Allons, la partisanerie (que le correcteur me suggère d’orthographier partisane rit) aura aveuglé Nodier au point de lui faire perdre toute conscience de ce second degré qu’il pratiqua pourtant avec tant de brio.
De l’étymologie du calembour, on a beaucoup écrit. Le congrès de Cythère tenu à Paris en 1789 attribue son origine au nom de l’apothicaire Calembourg qui exerçait rue Saint Antoine un siècle plus tôt[6], d’autres sources parlent d’un comte allemand du nom de Kalemburg. Certains spécieux font même dériver le mot de l’arabe « kalem », parler, et « bour », abusif.
Qu’importe, finalement, d’où vient le calembour, puisqu’il vient le plus souvent sans qu’honni pense ! Indéniablement jouissif, le calembour est sans bassesse. Il suffit de n’y être point trop prompt et d’éviter, en somme, le calembour hâtif.
N’est-ce pas, Monsieur Greg ?
[1] Et malgré le mépris dans lequel le tiennent les philosophes qui lui reprochent d’anéantir d’un mot tout le sérieux de leurs propos.
[2] Examen critique des dictionnaires, 1829
[3] Dictionnaire Universel de la langue Française, 1812, (avec le latin, manuel de grammaire, d’orthographe et de néologie), largement massacré par Nodier qui semble vouer à Boiste le même mépris qu’à Ménage.

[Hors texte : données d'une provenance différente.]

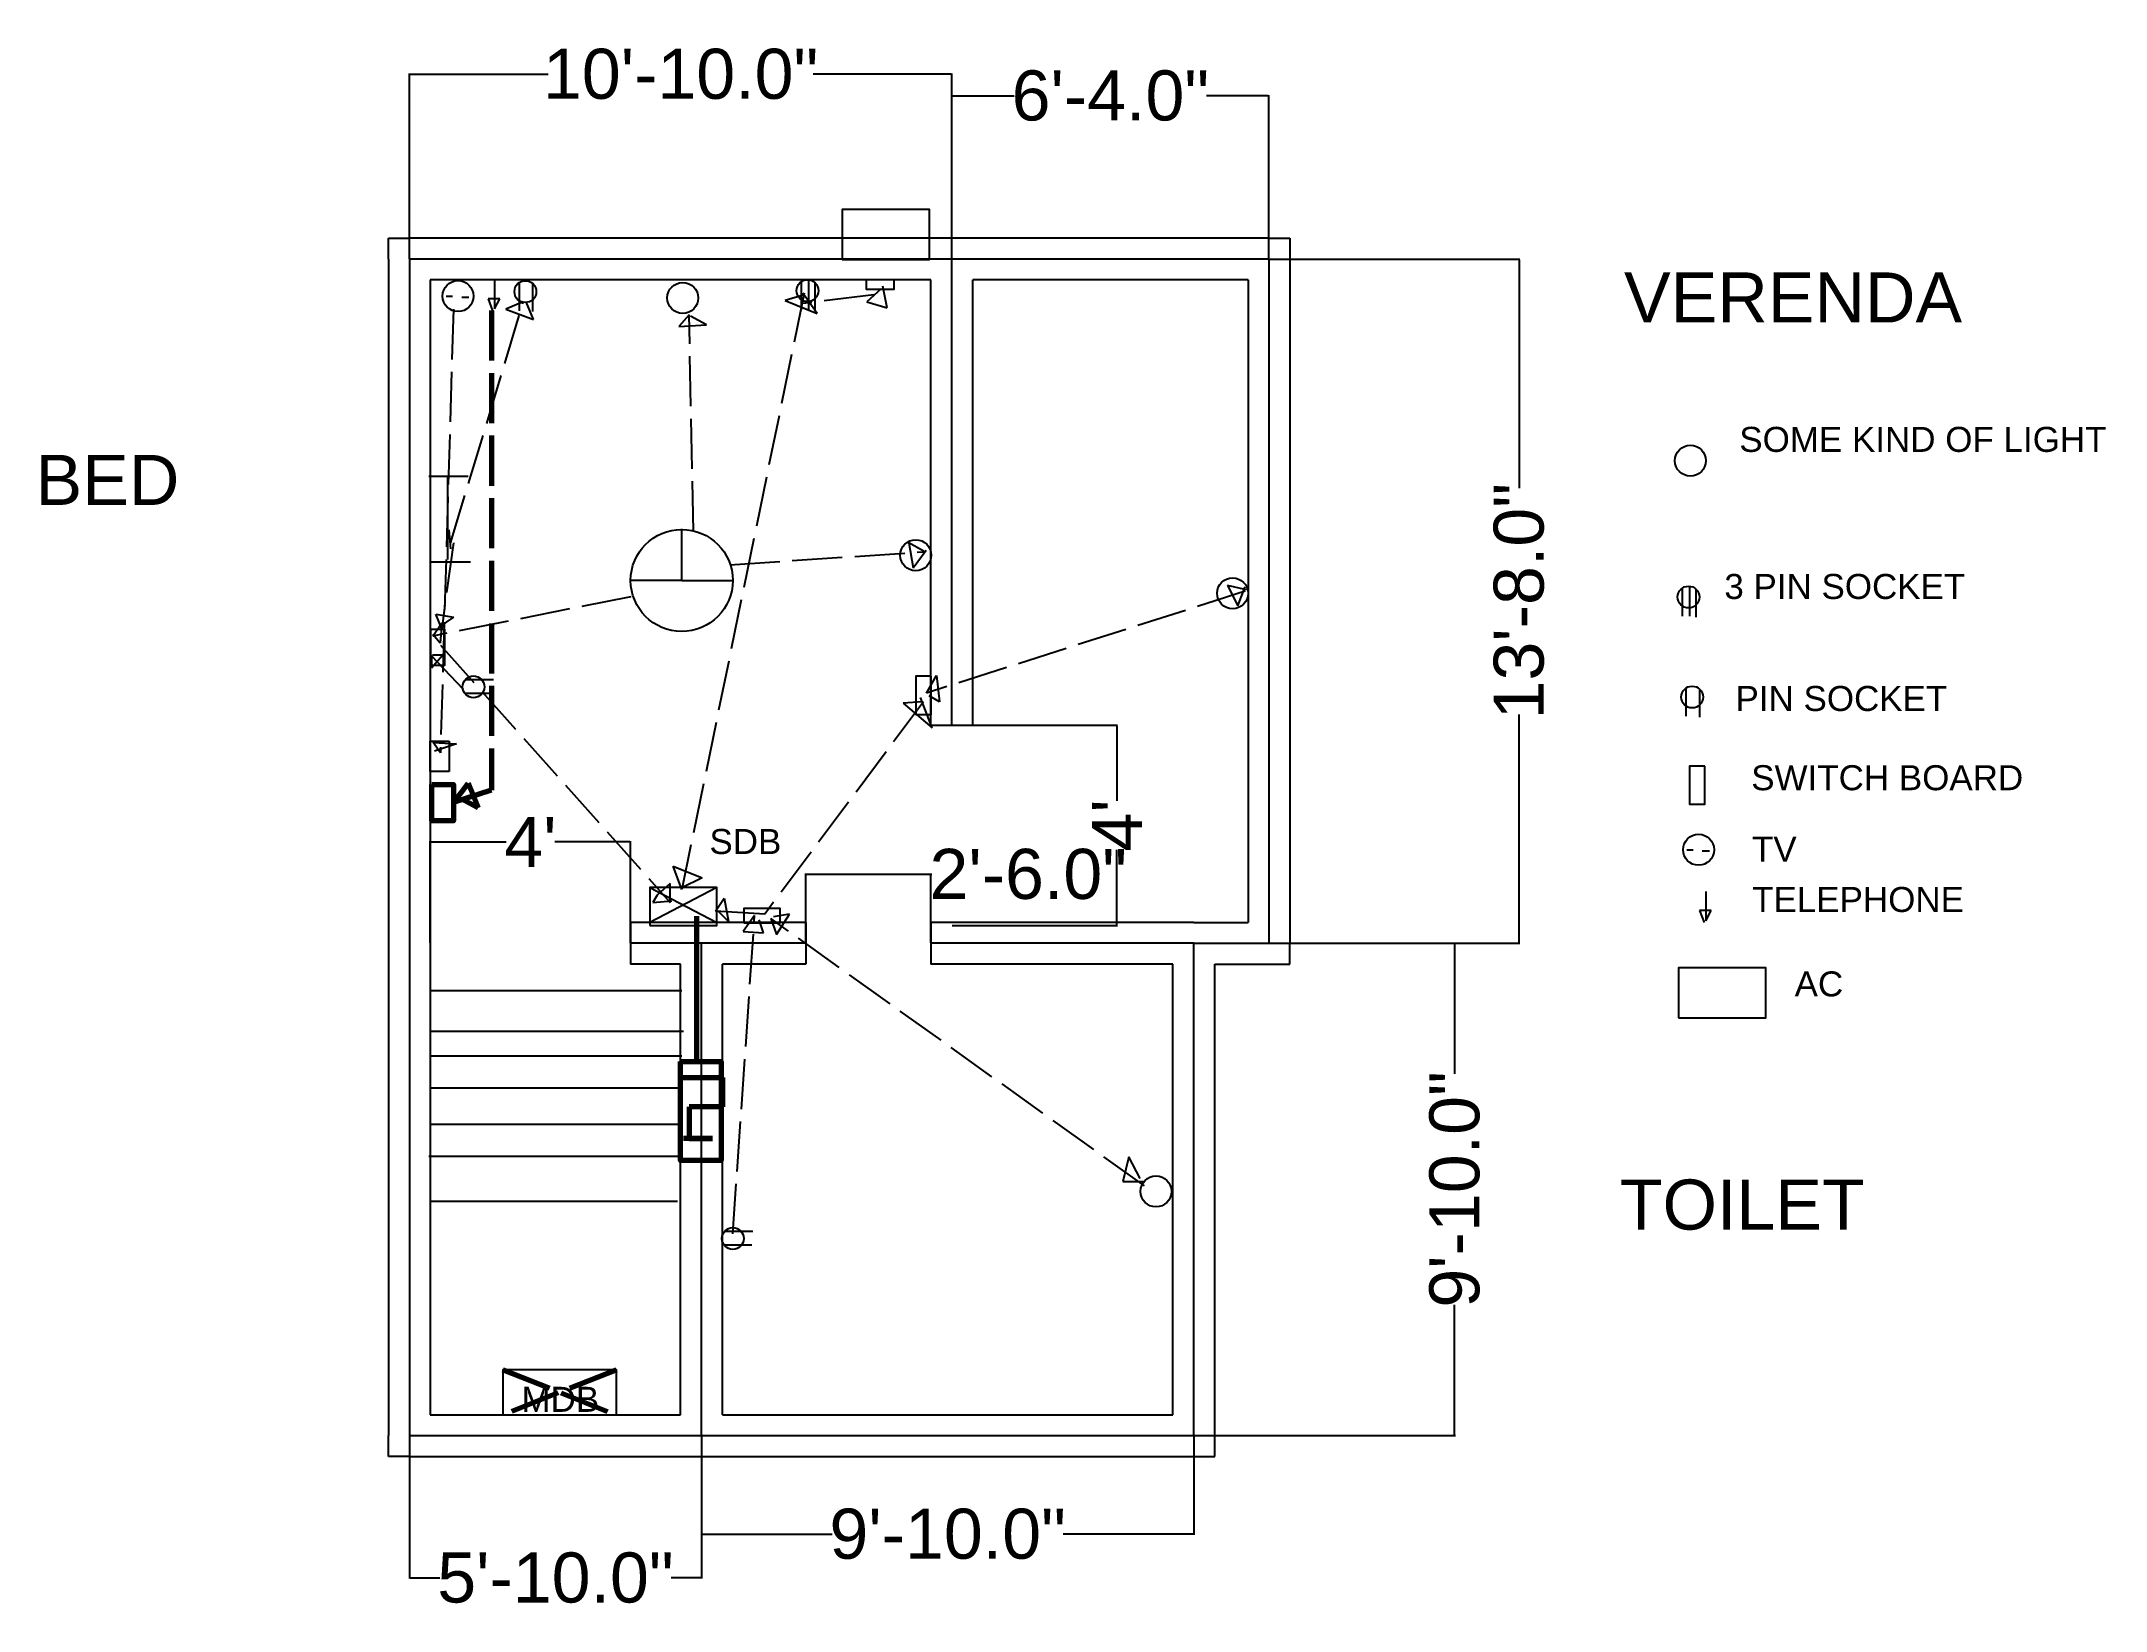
# Model space of a CAD drawing. Header units: inches. Extents: x -257 to 238, y -304 to 72.
import ezdxf

# ---------------------------------------------------------------- set-up
doc = ezdxf.new("R2010")
doc.units = ezdxf.units.IN
doc.header["$MEASUREMENT"] = 0
doc.linetypes.add('ACAD_ISO02W100', pattern=[15, 12, -3])
doc.styles.get("Standard").update_dxf_attribs({"font": 'arial.ttf'})
doc.dimstyles.get("Standard").update_dxf_attribs({"dimtxt": 12, "dimasz": 0.18, "dimexe": 0.18, "dimexo": 0.0625, "dimgap": 0.09, "dimtad": 0, "dimtoh": 1, "dimdec": 1, "dimzin": 0, "dimdsep": 46, "dimlunit": 3, "dimtxsty": 'Standard', "dimcen": 0.09, "dimaunit": 1, "dimadec": 1, "dimazin": 0, "dimtfac": 1, "dimtdec": 1, "dimtofl": 0, "dimtmove": 0, "dimatfit": 3, "dimfxl": 1, "dimtolj": 1, "dimtzin": 0, "dimarcsym": 0})

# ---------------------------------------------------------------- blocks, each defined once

[4] Littéralement « plaisanter avec la plume »
[5] Du calembour.
[6] Intermédiaire des chercheurs et des curieux, 10/10/1869
Jeux de mots tôt, ou jeux de mots tard, sont souvent jeux de mots laids;
Chercher systématiquement à jouer sur les maux est en somme très con
Quand nos maux nous coupent bien la jambe et nous sapent les mollets.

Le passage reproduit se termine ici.